Виктор не ответил, вздохнул и посмотрел в просветленное предрассветным сиянием небо.
— Ты что же, совсем от нас отказалась?
— Я не понимаю…
— А что ж тут непонятного? — Виктор наклонился к Вале, и его прищуренные глаза горели зло и болезненно. — Что? Пришла, покрутилась и бросила? И тебе кажется это нормальным? Неужели ты серьезно думаешь, что искусство может терпеть дилетантов и приспособленцев? Нет, милая моя, оно требует всего человека. Без остатка. Ему нужно отдать всего себя и еще немножко сверх того, что есть в человеке…
Потому, что Виктор говорил много раз слышанными фразами, а может быть, и потому, что говорил он их зло, задиристо, Валя тоже разозлилась и спросила:
— Одним словом, искусство требует жертв? Ты это хотел сказать?

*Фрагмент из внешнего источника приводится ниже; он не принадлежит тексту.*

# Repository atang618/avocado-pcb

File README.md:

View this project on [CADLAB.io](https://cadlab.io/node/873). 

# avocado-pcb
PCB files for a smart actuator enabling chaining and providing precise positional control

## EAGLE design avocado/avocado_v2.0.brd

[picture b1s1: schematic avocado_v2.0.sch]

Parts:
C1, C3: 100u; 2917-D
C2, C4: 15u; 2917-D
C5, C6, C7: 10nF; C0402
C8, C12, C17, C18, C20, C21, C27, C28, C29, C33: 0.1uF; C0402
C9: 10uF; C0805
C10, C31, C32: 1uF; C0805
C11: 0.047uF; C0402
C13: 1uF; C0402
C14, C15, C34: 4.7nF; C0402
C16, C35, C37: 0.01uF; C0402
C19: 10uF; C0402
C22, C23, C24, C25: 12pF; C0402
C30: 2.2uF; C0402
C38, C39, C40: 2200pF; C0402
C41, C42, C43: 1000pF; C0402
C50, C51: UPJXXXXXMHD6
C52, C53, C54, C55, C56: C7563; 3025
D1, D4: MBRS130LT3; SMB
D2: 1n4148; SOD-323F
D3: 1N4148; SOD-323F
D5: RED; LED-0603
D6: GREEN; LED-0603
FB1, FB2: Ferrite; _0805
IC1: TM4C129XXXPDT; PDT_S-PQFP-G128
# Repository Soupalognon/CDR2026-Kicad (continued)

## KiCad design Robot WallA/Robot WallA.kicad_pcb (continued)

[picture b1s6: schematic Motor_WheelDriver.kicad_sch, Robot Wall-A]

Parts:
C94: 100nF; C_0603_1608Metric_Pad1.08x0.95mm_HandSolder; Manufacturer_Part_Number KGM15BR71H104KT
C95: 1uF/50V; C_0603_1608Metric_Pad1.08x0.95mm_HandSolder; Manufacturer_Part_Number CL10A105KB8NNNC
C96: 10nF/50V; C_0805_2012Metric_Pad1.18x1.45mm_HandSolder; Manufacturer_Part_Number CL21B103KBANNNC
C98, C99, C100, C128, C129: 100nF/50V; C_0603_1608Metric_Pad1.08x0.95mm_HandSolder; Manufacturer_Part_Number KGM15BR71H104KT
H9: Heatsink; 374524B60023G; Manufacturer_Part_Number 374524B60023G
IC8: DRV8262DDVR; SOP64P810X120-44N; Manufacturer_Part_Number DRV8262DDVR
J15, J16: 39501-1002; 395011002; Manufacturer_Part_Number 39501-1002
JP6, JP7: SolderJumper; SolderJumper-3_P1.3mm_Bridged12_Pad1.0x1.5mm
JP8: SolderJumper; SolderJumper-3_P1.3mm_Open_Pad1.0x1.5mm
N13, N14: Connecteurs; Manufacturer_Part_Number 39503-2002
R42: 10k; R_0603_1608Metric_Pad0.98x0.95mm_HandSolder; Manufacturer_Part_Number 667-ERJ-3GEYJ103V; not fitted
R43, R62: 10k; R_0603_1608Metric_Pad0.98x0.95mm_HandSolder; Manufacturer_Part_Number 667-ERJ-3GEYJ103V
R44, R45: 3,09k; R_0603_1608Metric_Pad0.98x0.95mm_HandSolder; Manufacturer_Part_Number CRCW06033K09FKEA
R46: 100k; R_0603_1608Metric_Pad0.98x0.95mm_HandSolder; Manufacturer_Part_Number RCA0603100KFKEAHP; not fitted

Он сразу обмяк и уже растерянно ответил:
— Да… Но ведь ты…
— И ты хочешь, чтобы я принесла эти жертвы?
— Конечно! — мгновенно распалился Виктор. — Конечно! Ведь ты же артистка.
— Так вот, давай условимся. Я не артистка. Понятно? Я просто человек, имеющий некоторые способности, без которых не может быть ни один индивидуум на свете. У одного — музыкальные, у другого — драматические. Третьи умеют петь или танцевать, рисовать или лепить. А у десятого есть способность отгадывать следы или шить красивые платья. Не перебивай. Так вот. Я умею петь и играть на гитаре. У меня выработалась привычка не очень волноваться на публике, и поэтому я пою лучше тех, кто волнуется перед выступлением. Вот и все. Ради этого приносить жертвы не стоит.
— Ты неправа. Ты очень неправа. Ведь ты же пришла в искусство…
— Ты слишком высокого мнения о нашей прошлой работе. Слишком! Повеселиться в хорошую минуту должен уметь каждый человек. Понимаешь, каждый. Сейчас трудно, масса горя, и очень многие разучились веселиться. А мы, живущие в тылу и только время от времени бывающие на сравнительно спокойной передовой, не потеряли этой способности. Но это не искусство, Виктор. Это где-то рядом.
Виктор мгновенно обиделся и рассердился:
— Выходит, ты считаешь, что мы — трусы, что мы…
— Не усложняй. По сравнению с теми, кто живет сейчас в Москве, в Иванове или в Пензе, вы герои, потому что вы знаете и неудобства, и огонь врага, и вообще ходите рядом со смертью. Но ведь и те, кто живет в Москве, в Иванове или в Пензе, в какой-то степени герои по сравнению с теми, кто живет в Ташкенте, Новосибирске или даже в Чите. Потому что эти знают: до них даже самолет не долетит, как до Москвы или до Иванова. Недаром у них даже светомаскировки нет. Но меня, Виктор, смущает другое. Каких жертв ты требуешь от меня? Уйти из разведки? С переднего края в тыл?
— Да, но… — смутился Виктор и перестал сердиться.
— Здесь нет «но»! — выкрикнула Валя. — Выходит, что ты, мой товарищ, тянешь меня назад. Да, да! Ради искусства! Да к черту такое искусство, которое вытягивает меня из борьбы.
— Ты неправильно понимаешь, — заметил Виктор и прижал к груди уже загорелые тонкие руки. — Ты пойми главное…
— Вот это и есть главное — я хочу драться сама! Понимаешь, сама! У меня свои счеты с врагом. А ты предлагаешь мне помогать тем, кто дерется. Что ж, наверно, это важно — помогать. Но вот ты мне и помогай.